There will no doubt be a few further tweaks that will be required before I replace the live site with the new version I’ve been working on, but I reckon that bulk of the work is now done.
I also continued with the Bilingual Thesaurus project, although I didn’t have as much time as I had hoped to work on this. However, I updated the ‘language of origin’ data for the 1829 headwords that had no language of origin, assigning ‘uncertain’ to all of them. I also noticed that 15 headwords have no ‘date of citation’ and I asked Louise whether this was ok. I also updated the way I’m storing dates. Previously I had set up a separate table where any number of date fields could be associated with a headword. Instead I have now added two new columns to the main ‘lexeme’ table: startdate and enddate. I then wrote a script that went through the originally supplied dates (e.g. [1230,1450], adding the first date to the startdate column and the second date to the enddate column. Where an enddate is not supplied or is ‘0’ I’ve added the startdate to this column, just to make it clearer that this is a single year. Louise had mentioned that some dates would have ‘1450+’ as a second date but I’ve checked the original JSON file I was given and no dates have the plus sign, o I’ve checked with her in case this data has somehow been lost. I also discovered that there are 16 headwords that have an enddate but no startdate (e.g. the date in the original JSON file is something like [0,1436] and have asked what should happen to these. Finally, I made a start on the front-end for the resource. There is very little in place yet, but I’ve started to create a ‘Bootstrap’ based interface using elements from the other thesaurus websites (e.g. logo, fonts). Once a basic structure is in place I’ll get the required search and browse facilities up and running and we can then thing about things such as colour schemes and site text.
I spent the rest of the week on the somewhat Sisyphean task of matching up the HT and OED category data. This is a task that Fraser and I have been working with on and off for over a year now, and it seemed like the end was in sight, as we were down to just a few thousand OED categories that were unmatched. However, last week I noticed some errors in the category matching, and some further occasions where an OED category has been connected to multiple HT categories. Marc, Fraser and I met on Monday to discuss the process and Marc suggested we start the matching process from scratch again. I was rather taken aback by this as there appeared to only be a few thousand erroneous matches out of more than 220,000 and it seemed like a shame to abandon all our previous work.
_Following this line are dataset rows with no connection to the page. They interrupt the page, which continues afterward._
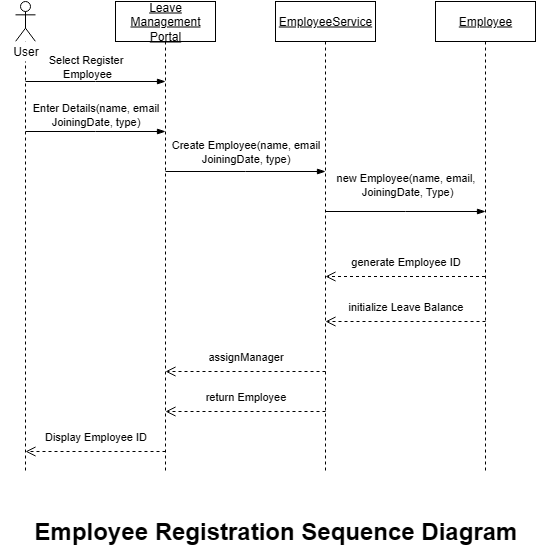

The diagram above was exported from draw.io. Its source (the exported page's mxGraphModel, read from the mxfile embedded in the PNG):
<mxGraphModel dx="1234" dy="677" grid="1" gridSize="10" guides="1" tooltips="1" connect="1" arrows="1" fold="1" page="1" pageScale="1" pageWidth="850" pageHeight="1100" math="0" shadow="0">
  <root>
    <mxCell id="0" />
    <mxCell id="1" parent="0" />
    <mxCell id="XME8UPXij9-8HPaAIq8S-2" value="&lt;u&gt;Leave Management Portal&lt;/u&gt;" style="shape=umlLifeline;perimeter=lifelinePerimeter;whiteSpace=wrap;html=1;container=1;dropTarget=0;collapsible=0;recursiveResize=0;outlineConnect=0;portConstraint=eastwest;newEdgeStyle={&quot;curved&quot;:0,&quot;rounded&quot;:0};" vertex="1" parent="1">
      <mxGeometry x="230" y="30" width="100" height="470" as="geometry" />
    </mxCell>
    <mxCell id="XME8UPXij9-8HPaAIq8S-3" value="&lt;u&gt;EmployeeService&lt;/u&gt;" style="shape=umlLifeline;perimeter=lifelinePerimeter;whiteSpace=wrap;html=1;container=1;dropTarget=0;collapsible=0;recursiveResize=0;outlineConnect=0;portConstraint=eastwest;newEdgeStyle={&quot;curved&quot;:0,&quot;rounded&quot;:0};" vertex="1" parent="1">
      <mxGeometry x="390" y="30" width="100" height="470" as="geometry" />
    </mxCell>
    <mxCell id="XME8UPXij9-8HPaAIq8S-4" value="&lt;u&gt;Employee&lt;/u&gt;" style="shape=umlLifeline;perimeter=lifelinePerimeter;whiteSpace=wrap;html=1;container=1;dropTarget=0;collapsible=0;recursiveResize=0;outlineConnect=0;portConstraint=eastwest;newEdgeStyle={&quot;curved&quot;:0,&quot;rounded&quot;:0};" vertex="1" parent="1">
      <mxGeometry x="550" y="30" width="100" height="470" as="geometry" />
    </mxCell>
    <mxCell id="XME8UPXij9-8HPaAIq8S-5" value="" style="shape=umlLifeline;perimeter=lifelinePerimeter;whiteSpace=wrap;html=1;container=1;dropTarget=0;collapsible=0;recursiveResize=0;outlineConnect=0;portConstraint=eastwest;newEdgeStyle={&quot;curved&quot;:0,&quot;rounded&quot;:0};participant=umlActor;size=40;" vertex="1" parent="1">
      <mxGeometry x="130" y="30" width="20" height="470" as="geometry" />
    </mxCell>
    <mxCell id="XME8UPXij9-8HPaAIq8S-6" value="" style="edgeStyle=elbowEdgeStyle;fontSize=12;html=1;endArrow=blockThin;endFill=1;rounded=0;" edge="1" parent="1">
      <mxGeometry width="160" relative="1" as="geometry">
        <mxPoint x="140" y="110" as="sourcePoint" />
        <mxPoint x="280" y="110" as="targetPoint" />
      </mxGeometry>
    </mxCell>
    <mxCell id="XME8UPXij9-8HPaAIq8S-7" value="Select Register&lt;div&gt;&amp;nbsp;Employee&lt;/div&gt;" style="text;html=1;align=center;verticalAlign=middle;resizable=0;points=[];autosize=1;strokeColor=none;fillColor=none;fontSize=11;" vertex="1" parent="1">
      <mxGeometry x="150" y="75" width="100" height="40" as="geometry" />
    </mxCell>
    <mxCell id="XME8UPXij9-8HPaAIq8S-8" value="" style="edgeStyle=elbowEdgeStyle;fontSize=12;html=1;endArrow=blockThin;endFill=1;rounded=0;" edge="1" parent="1">
      <mxGeometry width="160" relative="1" as="geometry">
        <mxPoint x="140" y="160" as="sourcePoint" />
        <mxPoint x="280" y="160" as="targetPoint" />
      </mxGeometry>
    </mxCell>
    <mxCell id="XME8UPXij9-8HPaAIq8S-9" value="Enter Details(name, email&lt;div&gt;JoiningDate, type)&lt;/div&gt;" style="text;html=1;align=center;verticalAlign=middle;resizable=0;points=[];autosize=1;strokeColor=none;fillColor=none;fontSize=11;" vertex="1" parent="1">
      <mxGeometry x="135" y="123" width="150" height="40" as="geometry" />
    </mxCell>
    <mxCell id="XME8UPXij9-8HPaAIq8S-10" value="" style="edgeStyle=elbowEdgeStyle;fontSize=12;html=1;endArrow=blockThin;endFill=1;rounded=0;" edge="1" parent="1">
      <mxGeometry width="160" relative="1" as="geometry">
        <mxPoint x="280" y="200" as="sourcePoint" />
        <mxPoint x="440" y="200" as="targetPoint" />
      </mxGeometry>
    </mxCell>
    <mxCell id="XME8UPXij9-8HPaAIq8S-11" value="Create Employee(name, email&lt;div&gt;JoiningDate, type)&lt;/div&gt;" style="text;html=1;align=center;verticalAlign=middle;resizable=0;points=[];autosize=1;strokeColor=none;fillColor=none;fontSize=11;" vertex="1" parent="1">
      <mxGeometry x="275" y="160" width="170" height="40" as="geometry" />
    </mxCell>
    <mxCell id="XME8UPXij9-8HPaAIq8S-12" value="" style="edgeStyle=elbowEdgeStyle;fontSize=12;html=1;endArrow=blockThin;endFill=1;rounded=0;" edge="1" parent="1">
      <mxGeometry width="160" relative="1" as="geometry">
        <mxPoint x="440" y="240" as="sourcePoint" />
        <mxPoint x="600" y="240" as="targetPoint" />
        <Array as="points" />
      </mxGeometry>
    </mxCell>
    <mxCell id="XME8UPXij9-8HPaAIq8S-14" value="new Employee(name, email,&lt;div&gt;&amp;nbsp;JoiningDate, Type)&lt;/div&gt;" style="text;html=1;align=center;verticalAlign=middle;resizable=0;points=[];autosize=1;strokeColor=none;fillColor=none;fontSize=11;" vertex="1" parent="1">
      <mxGeometry x="440" y="193" width="160" height="40" as="geometry" />
    </mxCell>
    <mxCell id="XME8UPXij9-8HPaAIq8S-17" value="generate Employee ID" style="text;html=1;align=center;verticalAlign=middle;resizable=0;points=[];autosize=1;strokeColor=none;fillColor=none;fontSize=11;" vertex="1" parent="1">
      <mxGeometry x="455" y="275" width="130" height="30" as="geometry" />
    </mxCell>
    <mxCell id="XME8UPXij9-8HPaAIq8S-18" value="" style="html=1;verticalAlign=bottom;endArrow=open;dashed=1;endSize=8;curved=0;rounded=0;" edge="1" parent="1" source="XME8UPXij9-8HPaAIq8S-4">
      <mxGeometry x="-1" y="99" relative="1" as="geometry">
        <mxPoint x="520" y="305" as="sourcePoint" />
        <mxPoint x="440" y="305" as="targetPoint" />
        <mxPoint x="70" y="-29" as="offset" />
      </mxGeometry>
    </mxCell>
    <mxCell id="XME8UPXij9-8HPaAIq8S-19" value="" style="html=1;verticalAlign=bottom;endArrow=open;dashed=1;endSize=8;curved=0;rounded=0;" edge="1" parent="1">
      <mxGeometry x="-1" y="99" relative="1" as="geometry">
        <mxPoint x="600" y="350" as="sourcePoint" />
        <mxPoint x="440" y="350" as="targetPoint" />
        <mxPoint x="70" y="-29" as="offset" />
      </mxGeometry>
    </mxCell>
    <mxCell id="XME8UPXij9-8HPaAIq8S-20" value="initialize Leave Balance" style="text;html=1;align=center;verticalAlign=middle;resizable=0;points=[];autosize=1;strokeColor=none;fillColor=none;fontSize=11;" vertex="1" parent="1">
      <mxGeometry x="450" y="320" width="140" height="30" as="geometry" />
    </mxCell>
    <mxCell id="XME8UPXij9-8HPaAIq8S-21" value="" style="html=1;verticalAlign=bottom;endArrow=open;dashed=1;endSize=8;curved=0;rounded=0;" edge="1" parent="1">
      <mxGeometry x="-1" y="99" relative="1" as="geometry">
        <mxPoint x="440" y="400" as="sourcePoint" />
        <mxPoint x="280" y="400" as="targetPoint" />
        <mxPoint x="70" y="-29" as="offset" />
      </mxGeometry>
    </mxCell>
    <mxCell id="XME8UPXij9-8HPaAIq8S-22" value="" style="html=1;verticalAlign=bottom;endArrow=open;dashed=1;endSize=8;curved=0;rounded=0;" edge="1" parent="1">
      <mxGeometry x="-1" y="99" relative="1" as="geometry">
        <mxPoint x="440" y="440" as="sourcePoint" />
        <mxPoint x="280" y="440" as="targetPoint" />
        <mxPoint x="70" y="-29" as="offset" />
      </mxGeometry>
    </mxCell>
    <mxCell id="XME8UPXij9-8HPaAIq8S-23" value="" style="html=1;verticalAlign=bottom;endArrow=open;dashed=1;endSize=8;curved=0;rounded=0;" edge="1" parent="1">
      <mxGeometry x="-1" y="99" relative="1" as="geometry">
        <mxPoint x="280" y="480" as="sourcePoint" />
        <mxPoint x="140" y="480" as="targetPoint" />
        <mxPoint x="70" y="-29" as="offset" />
      </mxGeometry>
    </mxCell>
    <mxCell id="XME8UPXij9-8HPaAIq8S-24" value="assignManager" style="text;html=1;align=center;verticalAlign=middle;resizable=0;points=[];autosize=1;strokeColor=none;fillColor=none;fontSize=11;" vertex="1" parent="1">
      <mxGeometry x="310" y="370" width="100" height="30" as="geometry" />
    </mxCell>
    <mxCell id="XME8UPXij9-8HPaAIq8S-25" value="return Employee&lt;span style=&quot;color: rgba(0, 0, 0, 0); font-family: monospace; font-size: 0px; text-align: start;&quot;&gt;%3CmxGraphModel%3E%3Croot%3E%3CmxCell%20id%3D%220%22%2F%3E%3CmxCell%20id%3D%221%22%20parent%3D%220%22%2F%3E%3CmxCell%20id%3D%222%22%20value%3D%22assignManager%22%20style%3D%22text%3Bhtml%3D1%3Balign%3Dcenter%3BverticalAlign%3Dmiddle%3Bresizable%3D0%3Bpoints%3D%5B%5D%3Bautosize%3D1%3BstrokeColor%3Dnone%3BfillColor%3Dnone%3BfontSize%3D11%3B%22%20vertex%3D%221%22%20parent%3D%221%22%3E%3CmxGeometry%20x%3D%22310%22%20y%3D%22370%22%20width%3D%22100%22%20height%3D%2230%22%20as%3D%22geometry%22%2F%3E%3C%2FmxCell%3E%3C%2Froot%3E%3C%2FmxGraphModel%3E&lt;/span&gt;" style="text;html=1;align=center;verticalAlign=middle;resizable=0;points=[];autosize=1;strokeColor=none;fillColor=none;fontSize=11;" vertex="1" parent="1">
      <mxGeometry x="310" y="410" width="100" height="30" as="geometry" />
    </mxCell>
    <mxCell id="XME8UPXij9-8HPaAIq8S-26" value="Display Employee ID" style="text;html=1;align=center;verticalAlign=middle;resizable=0;points=[];autosize=1;strokeColor=none;fillColor=none;fontSize=11;" vertex="1" parent="1">
      <mxGeometry x="145" y="450" width="130" height="30" as="geometry" />
    </mxCell>
    <mxCell id="XME8UPXij9-8HPaAIq8S-28" value="" style="rounded=0;whiteSpace=wrap;html=1;strokeColor=none;" vertex="1" parent="1">
      <mxGeometry x="120" y="70" width="40" height="20" as="geometry" />
    </mxCell>
    <mxCell id="XME8UPXij9-8HPaAIq8S-29" value="User" style="text;html=1;align=center;verticalAlign=middle;resizable=0;points=[];autosize=1;strokeColor=none;fillColor=none;" vertex="1" parent="1">
      <mxGeometry x="115" y="65" width="50" height="30" as="geometry" />
    </mxCell>
    <mxCell id="XME8UPXij9-8HPaAIq8S-30" value="&lt;font style=&quot;font-size: 24px;&quot;&gt;&lt;b&gt;Employee Registration Sequence Diagram&lt;/b&gt;&lt;/font&gt;" style="text;html=1;align=center;verticalAlign=middle;resizable=0;points=[];autosize=1;strokeColor=none;fillColor=none;" vertex="1" parent="1">
      <mxGeometry x="135" y="540" width="510" height="40" as="geometry" />
    </mxCell>
  </root>
</mxGraphModel>

However, I’ve since realised this is something that needed to be done, mainly because the previous process wasn’t very well documented and could not be easily replicated. It’s a process that Fraser and I could only focus on between other commitments and progress was generally tracked via email conversations and a few Word documents. It was all very experimental, and we often ran a script, which matched a group of categories, then altered the script and ran it again, often several times in succession. We also approached the matching from what I realise now is the wrong angle – starting with the HT categories and trying the match these to the OED categories. However, it’s the OED categories that need to be matched and it doesn’t really matter if HT categories are left unmatched (as plenty will as they are more recent additions or are empty place-holder categories). We’ve also learned a lot from the initial process and have identified certain scripts and processes that we know are the most likely to result in matches.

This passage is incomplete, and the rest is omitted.